The data: Begin

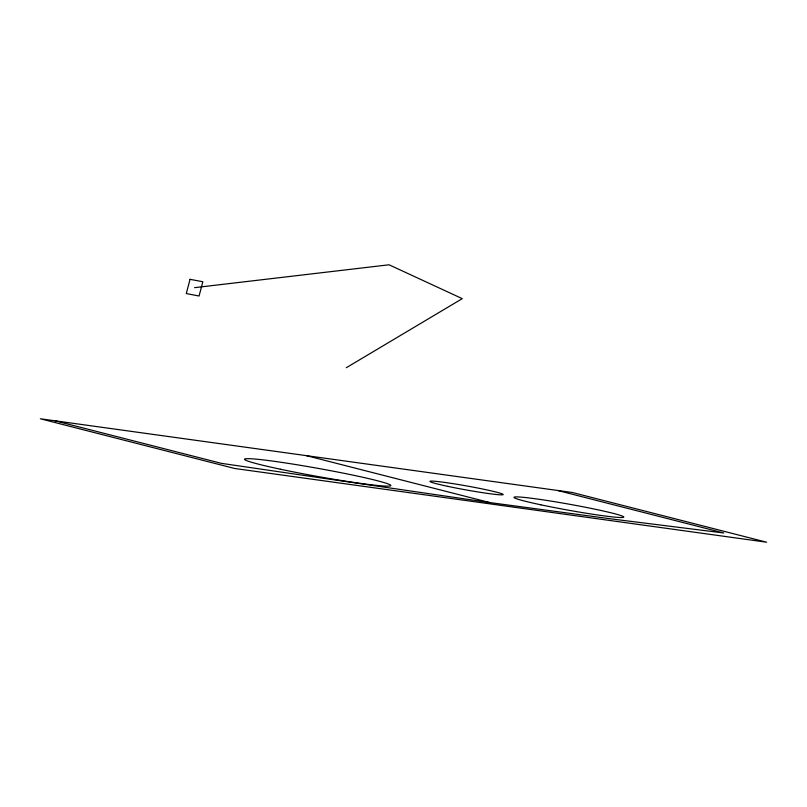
<?xml version="1.0" encoding="UTF-8"?>
<svg xmlns="http://www.w3.org/2000/svg" width="807" height="807" viewBox="0 0 807 807"><rect width="100%" height="100%" fill="white"/><g stroke="black" fill="none" stroke-linecap="round" stroke-linejoin="round"><path stroke-width="1.21" d="M346.334 367.699L462.26 298.651L389.065 264.787L194.568 287.665M55.128 420.82L221.35 463.339L489.849 502.579L611.686 518.962L723.808 532.983L557.587 490.464M306.357 455.642L489.849 502.579M190.069 279.323L186.276 293.577L199.067 296.008L202.85 281.754L190.069 279.323M572.365 492.512L40.35 418.772L234.635 468.474L766.65 542.213L572.365 492.512M280.311 469.2A74.375 4.025 10.2 0 0 390.85 485.562A74.375 4.025 10.2 0 0 281.804 462.391A74.375 4.025 10.2 0 0 280.311 469.2M447.925 486.379A37.183 2.007 10.2 0 0 503.195 494.56A37.183 2.007 10.2 0 0 448.672 482.979A37.183 2.007 10.2 0 0 447.925 486.379M540.872 504.819A55.784 3.016 10.2 0 0 623.781 517.095A55.784 3.016 10.2 0 0 542.001 499.715A55.784 3.016 10.2 0 0 540.872 504.819"/></g></svg>
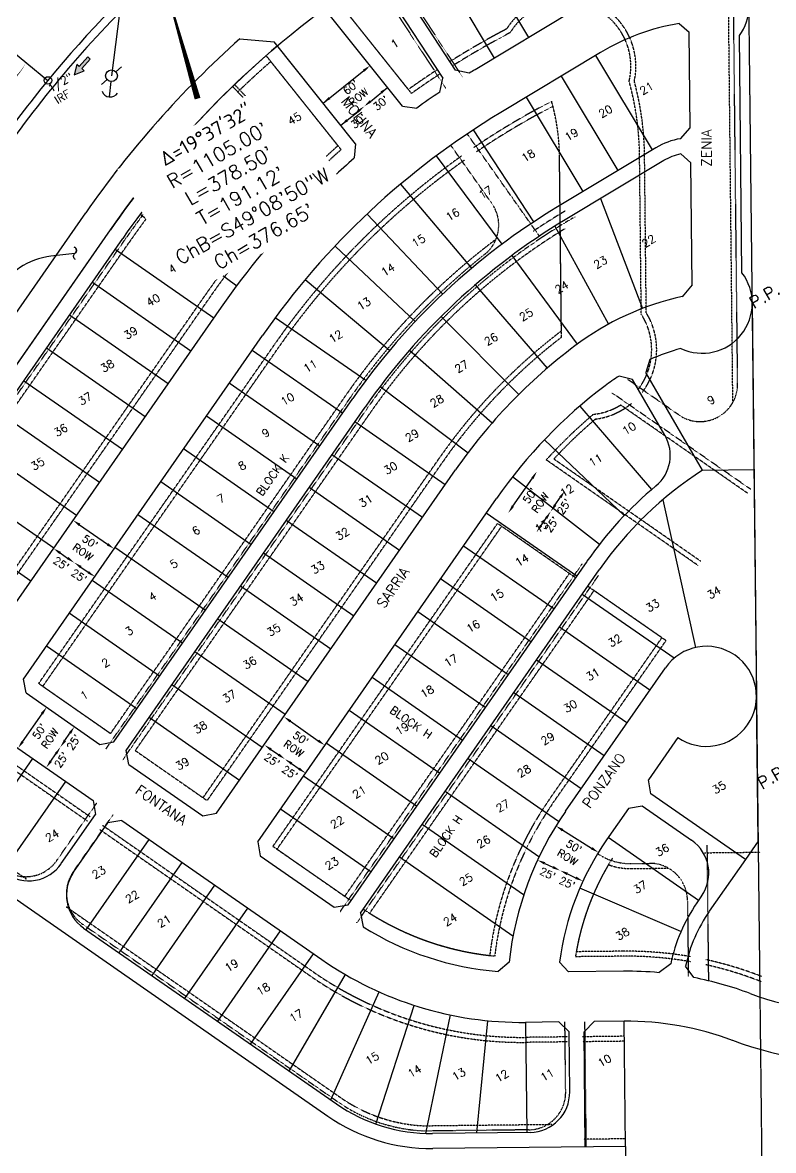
# Model space of a CAD drawing. Header units: feet. Extents: x 23 to 2149517, y -26 to 355304.
# Drawn here: x 2137476 to 2138226, y 339112 to 340239 of the extents above; entities that cross this region are included whole.
import ezdxf
from ezdxf.enums import TextEntityAlignment as Align

# ---------------------------------------------------------------- set-up
doc = ezdxf.new("R2010")
doc.units = ezdxf.units.FT
doc.header["$MEASUREMENT"] = 0
for name, pattern in [('xhpc023-pt$0$HIDDEN2', [0.1875, 0.125, -0.0625]), ('xhpc023-pt$0$xHPC007pt_PHASE1A$0$DASHED2', [0.375, 0.25, -0.125]), ('xhpc023-pt$0$xHPC007pt_PHASE1A$0$HIDDEN', [0.375, 0.25, -0.125]), ('xhpc023-pt$0$xHPC007pt_PHASE1A$0$HIDDEN4', [0.0938, 0.0625, -0.0313])]:
    doc.linetypes.add(name, pattern=pattern)
for name, color, linetype in [('A-EC-CURLEX-MATTING', 6, 'Continuous'), ('A-EC-FLOW-ARROWS', 252, 'Continuous'), ('xhpc023-pt$0$C-CURB-E', 2, 'Continuous'), ('xhpc023-pt$0$V-ESMT', 2, 'xhpc023-pt$0$HIDDEN2'), ('xhpc023-pt$0$V-POWR-TEXT', 2, 'Continuous'), ('xhpc023-pt$0$V-PROP-CORN-N', 2, 'Continuous'), ('xhpc023-pt$0$V-PROP-CORN-TEXT', 2, 'Continuous'), ('xhpc023-pt$0$V-PROP-DIMS', 4, 'Continuous'), ('xhpc023-pt$0$V-PROP-N', 2, 'Continuous'), ('xhpc023-pt$0$V-PROP-SUBD-IDEN-N', 6, 'Continuous'), ('xhpc023-pt$0$V-RWAY-LABL-N', 1, 'Continuous'), ('xhpc023-pt$0$xHPC007pt_PHASE1-AMENDED PLT$0$V-ESMT-TEXT-E', 6, 'Continuous'), ('xhpc023-pt$0$xHPC007pt_PHASE1-AMENDED PLT$0$V-RWAY-N', 6, 'Continuous'), ('xhpc023-pt$0$xHPC007pt_PHASE1-AMENDED PLT$0$V-SUBD-LINE-N', 6, 'Continuous'), ('xhpc023-pt$0$xHPC007pt_PHASE1A$0$V-AREA-TEMP-N', 6, 'Continuous'), ('xhpc023-pt$0$xHPC007pt_PHASE1A$0$V-ESMT-ACSS-N', 6, 'xhpc023-pt$0$xHPC007pt_PHASE1A$0$HIDDEN4'), ('xhpc023-pt$0$xHPC007pt_PHASE1A$0$V-ESMT-TEXT-E', 6, 'Continuous'), ('xhpc023-pt$0$xHPC007pt_PHASE1A$0$V-ESMT-UTIL-N', 6, 'xhpc023-pt$0$xHPC007pt_PHASE1A$0$DASHED2'), ('xhpc023-pt$0$xHPC007pt_PHASE1A$0$V-POWR-LINE', 6, 'xhpc023-pt$0$xHPC007pt_PHASE1A$0$ELECT_LINE'), ('xhpc023-pt$0$xHPC007pt_PHASE1A$0$V-POWR-TEXT', 6, 'Continuous'), ('xhpc023-pt$0$xHPC007pt_PHASE1A$0$V-PROP-CORN-N', 6, 'Continuous'), ('xhpc023-pt$0$xHPC007pt_PHASE1A$0$V-PROP-N', 6, 'Continuous'), ('xhpc023-pt$0$xHPC007pt_PHASE1A$0$V-RWAY-DIMS-N', 6, 'Continuous'), ('xhpc023-pt$0$xHPC007pt_PHASE1A$0$V-RWAY-N', 6, 'Continuous'), ('xhpc023-pt$0$xHPC007pt_PHASE1A$0$V-SBCK-N', 6, 'xhpc023-pt$0$xHPC007pt_PHASE1A$0$HIDDEN')]:
    doc.layers.add(name, color=color, linetype=linetype)
doc.styles.add('xhpc023-pt$0$L100', font='simplex', dxfattribs={"height": 10})
doc.styles.add('xhpc023-pt$0$L120', font='simplex', dxfattribs={"height": 12})
doc.styles.add('xhpc023-pt$0$L140', font='simplex', dxfattribs={"height": 14})
doc.styles.add('xhpc023-pt$0$L60', font='simplex', dxfattribs={"height": 6})
doc.styles.add('xhpc023-pt$0$L80', font='simplex', dxfattribs={"height": 8})
doc.styles.add('xhpc023-pt$0$xHPC007pt_PHASE1A$0$L140', font='simplex', dxfattribs={"height": 14})
doc.styles.add('xhpc023-pt$0$xHPC007pt_PHASE1A$0$Standard', font='txt')
doc.linetypes.add('xhpc023-pt$0$xHPC007pt_PHASE1A$0$ELECT_LINE', pattern='A,1,-0.02,["E",xhpc023-pt$0$xHPC007pt_PHASE1A$0$Standard,S=0.075,R=0,X=-0.025,Y=-0.0375],-0.02', length=1.04)

# ---------------------------------------------------------------- blocks, each defined once
blk = doc.blocks.new('xhpc023-pt$0$xHPC007pt_PHASE1A$0$PP')
at = {"linetype": 'Continuous'}
for p, q in [((4.4, 3.8), (10.1, 8.8)), ((-4.4, -3.8), (-10.1, -8.8))]:
    blk.add_line(p, q, dxfattribs=at)
blk.add_circle((0, 0), 5.85, dxfattribs=at)
blk = doc.blocks.new('xhpc023-pt')
at = {"layer": 'xhpc023-pt$0$C-CURB-E'}
blk.add_arc((2138348.6, 339486.6), 1087.9, 133.1781, 145.0488, dxfattribs=at)
at = {"layer": 'xhpc023-pt$0$V-ESMT'}
blk.add_line((2138253.3, 335681.3), (2138179.9, 342179.6), dxfattribs=at)
at = {"layer": 'xhpc023-pt$0$V-PROP-CORN-N'}
blk.add_circle((2137501.2, 340181.4), 3.75, dxfattribs=at)
at = {"layer": 'xhpc023-pt$0$V-PROP-DIMS'}
for points in [[(2137612.2, 340298.3, 0, 6, 0), (2137650.7, 340163.2, 6, 6, 0)], [(2137479.5, 340199.1, 0, 5, -0.249402), (2137407.4, 340154.1, 5, 5, 0.875209)]]:
    blk.add_lwpolyline(points, format="xyseb", dxfattribs=at)
at = {"layer": 'xhpc023-pt$0$V-PROP-N'}
blk.add_line((2137459.1, 340215.9), (2137501.2, 340181.4), dxfattribs=at)
blk.add_arc((2138355.8, 339481), 1105, 121.0399, 140.6655, dxfattribs=at)
at = {"layer": 'xhpc023-pt$0$V-PROP-SUBD-IDEN-N'}
blk.add_lwpolyline([(2137528.9, 340002.4, -0.57735), (2137528.2, 340008.6, 0.57735), (2137527.5, 340014.8, -0.57735), (2137528.2, 340008.6), (2137504.2, 340005.8, 0.246081), (2137450.5, 339969.1, 64.641161)], format="xyb", dxfattribs=at)
at = {"layer": 'xhpc023-pt$0$xHPC007pt_PHASE1-AMENDED PLT$0$V-ESMT-TEXT-E'}
blk.add_lwpolyline([(2138206.3, 340013.2, 0, 4.17, 0), (2138218.8, 340013.2, 0, 0, 0), (2138350.8, 340012.9, 0, 0, 0), (2138394.3, 339973.9, 0, 0, 0)], format="xyseb", dxfattribs=at)
blk.add_lwpolyline([(2138206.3, 340013.2, 0, 4.17, 0), (2138218.8, 340013.2, 0, 0, 0), (2138350.8, 340012.9, 0, 0, 0), (2138394.3, 339973.9, 0, 0, 0)], format="xyseb", dxfattribs=at)
at = {"layer": 'xhpc023-pt$0$xHPC007pt_PHASE1-AMENDED PLT$0$V-RWAY-N'}
for p, q in [((2137827.1, 340288.2), (2137895.6, 340183.7)), ((2137827.1, 340288.2), (2137895.6, 340183.7)), ((2137855.5, 340155.7), (2137774.3, 340257.3)), ((2137855.5, 340155.7), (2137774.3, 340257.3)), ((2137870.6, 340249.2), (2137908.2, 340191.8)), ((2137870.6, 340249.2), (2137908.2, 340191.8)), ((2138027.5, 340252.1), (2137927.9, 340192.1)), ((2138027.5, 340252.1), (2137927.9, 340192.1)), ((2138132, 340238.4), (2138142, 340229.8)), ((2138132, 340238.4), (2138142, 340229.8)), ((2138143, 340134), (2138142, 340229.8)), ((2138143, 340134), (2138142, 340229.8)), ((2138194.6, 339989.2), (2138192.1, 340226.3)), ((2138194.6, 339989.2), (2138192.1, 340226.3)), ((2137692.9, 340223), (2137727.4, 340219.9)), ((2137692.9, 340223), (2137727.4, 340219.9)), ((2137808.6, 340118.2), (2137727.4, 340219.9)), ((2137808.6, 340118.2), (2137727.4, 340219.9)), ((2138053.3, 340209.3), (2137953.6, 340149.3)), ((2138053.3, 340209.3), (2137953.6, 340149.3)), ((2137922.2, 340188.7), (2137908.2, 340191.8)), ((2137892.8, 340169.8), (2137895.6, 340183.7)), ((2137685.6, 340175.2), (2137772.4, 340085.3)), ((2137685.6, 340175.2), (2137772.4, 340085.3)), ((2137855.5, 340155.7), (2137869.8, 340153.8)), ((2137855.5, 340155.7), (2137869.8, 340153.8)), ((2137714.2, 340124), (2137761.7, 340074.8)), ((2137714.2, 340124), (2137761.7, 340074.8)), ((2138133.2, 340123.1), (2138143, 340134)), ((2137808.6, 340118.2), (2137807.3, 340103.9)), ((2137808.6, 340118.2), (2137807.3, 340103.9)), ((2138108.6, 340114.2), (2138010.4, 340055)), ((2138108.6, 340114.2), (2138010.4, 340055)), ((2138116.4, 340101.3), (2138018.1, 340042.2)), ((2138116.4, 340101.3), (2138018.1, 340042.2)), ((2138143.4, 340099), (2138133.4, 340107.9)), ((2138144.7, 339977.3), (2138143.4, 340099)), ((2138144.7, 339977.3), (2138143.4, 340099)), ((2137772.4, 340085.3), (2137786.6, 340085)), ((2137761.6, 340060.4), (2137761.7, 340074.8)), ((2137143.3, 339480.3), (2137539, 340049.2)), ((2137143.3, 339480.3), (2137539, 340049.2)), ((2137219.3, 339537), (2137563.6, 340032)), ((2137219.3, 339537), (2137563.6, 340032)), ((2137263, 339573.6), (2137576, 340023.5)), ((2137263, 339573.6), (2137576, 340023.5)), ((2138144.7, 339977.3), (2138135, 339965.3)), ((2138144.7, 339977.3), (2138135, 339965.3)), ((2137441.5, 339620), (2137674.5, 339954.9)), ((2137441.5, 339620), (2137674.5, 339954.9)), ((2138204.9, 339959.3), (2138209.1, 339566.5)), ((2138204.9, 339959.3), (2138209.1, 339566.5)), ((2137476.8, 339583.2), (2137715.5, 339926.4)), ((2137476.8, 339583.2), (2137715.5, 339926.4)), ((2138102.6, 339902.5), (2138098.6, 339889.6)), ((2138155.3, 339791.9), (2138098.6, 339889.6)), ((2138155.3, 339791.9), (2138098.6, 339889.6)), ((2138085.3, 339882.5), (2138071.8, 339885.9)), ((2138117.6, 339826.9), (2138085.3, 339882.5)), ((2138117.6, 339826.9), (2138085.3, 339882.5)), ((2137567.1, 339520.4), (2137805.8, 339863.6)), ((2137567.1, 339520.4), (2137805.8, 339863.6)), ((2137579.4, 339511.9), (2137818.1, 339855)), ((2137579.4, 339511.9), (2137818.1, 339855)), ((2137669.7, 339449), (2137908.4, 339792.2)), ((2137669.7, 339449), (2137908.4, 339792.2)), ((2137710.8, 339420.5), (2137949.5, 339763.6)), ((2137710.8, 339420.5), (2137949.5, 339763.6)), ((2137801.1, 339357.7), (2138039.8, 339700.8)), ((2137801.1, 339357.7), (2138039.8, 339700.8)), ((2137813.4, 339349.2), (2138052.1, 339692.3)), ((2137813.4, 339349.2), (2138052.1, 339692.3)), ((2138018.3, 339451), (2138118.1, 339594.5)), ((2138018.3, 339451), (2138118.1, 339594.5)), ((2137479.3, 339569.3), (2137476.8, 339583.2)), ((2137479.3, 339569.3), (2137476.8, 339583.2)), ((2137479.3, 339569.3), (2137553.2, 339517.9)), ((2137479.3, 339569.3), (2137553.2, 339517.9)), ((2137219.3, 339537), (2137780.9, 339146.4)), ((2137219.3, 339537), (2137780.9, 339146.4)), ((2137459, 339522.6), (2137546.3, 339461.8)), ((2137459, 339522.6), (2137546.3, 339461.8)), ((2137553.2, 339517.9), (2137567.1, 339520.4)), ((2138130.6, 339524.9), (2138101.1, 339482.5)), ((2138130.6, 339524.9), (2138101.1, 339482.5)), ((2137581.9, 339497.9), (2137579.4, 339511.9)), ((2137581.9, 339497.9), (2137655.8, 339446.5)), ((2137581.9, 339497.9), (2137655.8, 339446.5)), ((2138103.6, 339468.6), (2138101.1, 339482.5)), ((2137546.3, 339461.8), (2137548.8, 339447.9)), ((2138198, 339403), (2138103.6, 339468.6)), ((2138198, 339403), (2138103.6, 339468.6)), ((2137514.5, 339398.7), (2137548.8, 339447.9)), ((2137514.5, 339398.7), (2137548.8, 339447.9)), ((2137655.8, 339446.5), (2137669.7, 339449)), ((2137655.8, 339446.5), (2137669.7, 339449)), ((2138081.1, 339453.8), (2138059.3, 339422.5)), ((2138081.1, 339453.8), (2138059.3, 339422.5)), ((2138095, 339456.3), (2138081.1, 339453.8)), ((2138144.3, 339422), (2138095, 339456.3)), ((2138144.3, 339422), (2138095, 339456.3)), ((2137526.8, 339390.1), (2137561.1, 339439.4)), ((2137526.8, 339390.1), (2137561.1, 339439.4)), ((2137575, 339441.9), (2137561.1, 339439.4)), ((2137575, 339441.9), (2137774.9, 339302.8)), ((2137575, 339441.9), (2137774.9, 339302.8)), ((2137710.8, 339420.5), (2137713.3, 339406.6)), ((2137710.8, 339420.5), (2137713.3, 339406.6)), ((2137713.3, 339406.6), (2137787.2, 339355.2)), ((2137713.3, 339406.6), (2137787.2, 339355.2)), ((2138198, 339403), (2138162, 339351.1)), ((2138198, 339403), (2138162, 339351.1)), ((2137787.2, 339355.2), (2137801.1, 339357.7)), ((2138154.3, 339366.4), (2138149.6, 339359.7)), ((2138154.3, 339366.4), (2138149.6, 339359.7)), ((2137813.4, 339349.2), (2137816.1, 339335.5)), ((2137536.8, 339334.4), (2137789.5, 339158.7)), ((2137536.8, 339334.4), (2137789.5, 339158.7)), ((2137962, 339300.4), (2137951.1, 339291.1)), ((2137962, 339300.4), (2137951.1, 339291.1)), ((2138012.3, 339300.4), (2138021.2, 339290.6)), ((2138012.3, 339300.4), (2138021.2, 339290.6)), ((2138076.2, 339291.2), (2138021.2, 339290.6)), ((2138076.2, 339291.2), (2138021.2, 339290.6)), ((2138123.4, 339298.6), (2138111.8, 339289.8)), ((2138146.4, 339284.8), (2138138.3, 339296.4)), ((2138011.8, 339240.5), (2137978.5, 339240.1)), ((2138011.8, 339240.5), (2137978.5, 339240.1)), ((2138011.8, 339240.5), (2138021.9, 339230.6)), ((2138036.9, 339230.8), (2138046.8, 339240.9)), ((2138076.8, 339241.2), (2138046.8, 339240.9)), ((2138076.8, 339241.2), (2138046.8, 339240.9)), ((2138022.5, 339170.6), (2138021.9, 339230.6)), ((2138022.5, 339170.6), (2138021.9, 339230.6)), ((2138038.1, 339115.8), (2138036.9, 339230.8)), ((2138038.1, 339115.8), (2138036.9, 339230.8)), ((2137983, 339130.2), (2137885.5, 339129.1)), ((2137983, 339130.2), (2137885.5, 339129.1))]:
    blk.add_line(p, q, dxfattribs=at)
for centre, radius, start, end in [((2138151.7, 340255.8), 50, 323.7445, 102.9793), ((2138151.7, 340255.8), 50, 323.7445, 102.9793), ((2138169.3, 340016.5), 225, 99.5405, 121.04), ((2138169.3, 340016.5), 225, 99.5405, 121.04), ((2138355.8, 339481), 995, 131.7761, 145.1772), ((2138355.8, 339481), 995, 131.7761, 145.1772), ((2138355.8, 339481), 965, 130.3902, 145.1772), ((2138355.8, 339481), 965, 130.3902, 145.1772), ((2138355.8, 339481), 830, 121.04, 121.4965), ((2138355.8, 339481), 830, 121.04, 121.4965), ((2138355.8, 339481), 1105, 140.6655, 145.1772), ((2138355.8, 339481), 1105, 140.6655, 145.1772), ((2138355.8, 339481), 830, 123.9127, 125.847), ((2138355.8, 339481), 830, 123.9127, 125.847), ((2138355.8, 339481), 780, 121.04, 145.1772), ((2138355.8, 339481), 780, 121.04, 145.1772), ((2137685.4, 340096.3), 40, 43.9706, 137.458), ((2137685.4, 340096.3), 40, 43.9706, 137.458), ((2138355.8, 339481), 950, 137.458, 145.1772), ((2138355.8, 339481), 950, 137.458, 145.1772), ((2138143.9, 340055.6), 68.4, 99.0004, 121.04), ((2138143.9, 340055.6), 68.4, 99.0004, 121.04), ((2138355.8, 339481), 830, 131.3704, 133.3047), ((2138355.8, 339481), 830, 131.3704, 133.3047), ((2138143.9, 340055.6), 53.4, 101.3629, 121.04), ((2138143.9, 340055.6), 53.4, 101.3629, 121.04), ((2138355.8, 339481), 830, 135.7209, 145.1772), ((2138355.8, 339481), 830, 135.7209, 145.1772), ((2138355.8, 339481), 670, 121.04, 145.1772), ((2138355.8, 339481), 670, 121.04, 145.1772), ((2138355.8, 339481), 655, 121.04, 145.1772), ((2138355.8, 339481), 655, 121.04, 145.1772), ((2138154.9, 339958.8), 50, 244.837, 37.4843), ((2138154.9, 339958.8), 50, 244.837, 37.4843), ((2138193.3, 339696.6), 275, 102.2372, 127.0109), ((2138193.3, 339696.6), 275, 102.2372, 127.0109), ((2138355.8, 339481), 545, 127.0109, 145.1772), ((2138355.8, 339481), 545, 127.0109, 145.1772), ((2138193.3, 339696.6), 225, 105.3728, 113.7786), ((2138193.3, 339696.6), 225, 105.3728, 113.7786), ((2138355.8, 339481), 495, 127.0109, 145.1772), ((2138355.8, 339481), 495, 127.0109, 145.1772), ((2138193.3, 339696.6), 225, 122.6946, 127.0109), ((2138193.3, 339696.6), 225, 122.6946, 127.0109), ((2138083, 339806.8), 40, 309.9376, 30.1479), ((2138083, 339806.8), 40, 309.9376, 30.1479), ((2138355.8, 339481), 370, 122.8223, 145.1772), ((2138355.8, 339481), 370, 122.8223, 145.1772), ((2138355.8, 339481), 385, 129.9376, 145.1772), ((2138355.8, 339481), 385, 129.9376, 145.1772), ((2138159.1, 339565.9), 50, 235.1772, 145.1772), ((2138159.1, 339565.9), 50, 235.1772, 145.1772), ((2138285.1, 339265.4), 325, 145.1772, 173.8269), ((2138285.1, 339265.4), 325, 145.1772, 173.8269), ((2138285.1, 339265.4), 275, 145.1748, 172.6901), ((2138285.1, 339265.4), 275, 145.1748, 172.6901), ((2138121.5, 339389.2), 40, 325.1772, 55.1772), ((2138121.5, 339389.2), 40, 325.1772, 55.1772), ((2137481.7, 339421.5), 40, 235.1772, 325.1772), ((2137481.7, 339421.5), 40, 235.1772, 325.1772), ((2137559.7, 339367.3), 40, 145.1772, 235.1772), ((2137559.7, 339367.3), 40, 145.1772, 235.1772), ((2138285.1, 339265.4), 165, 145.1748, 168.4204), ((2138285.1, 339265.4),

The data: End

Of all the entries above, repeat only the lines from the line that has "doc.units = ezdxf.units.FT" to the line that has "for name, pattern", both lines included, exactly.

▸ **Completed exercise**:
doc.units = ezdxf.units.FT
doc.header["$MEASUREMENT"] = 0
for name, pattern in [('xhpc023-pt$0$HIDDEN2', [0.1875, 0.125, -0.0625]), ('xhpc023-pt$0$xHPC007pt_PHASE1A$0$DASHED2', [0.375, 0.25, -0.125]), ('xhpc023-pt$0$xHPC007pt_PHASE1A$0$HIDDEN', [0.375, 0.25, -0.125]), ('xhpc023-pt$0$xHPC007pt_PHASE1A$0$HIDDEN4', [0.0938, 0.0625, -0.0313])]:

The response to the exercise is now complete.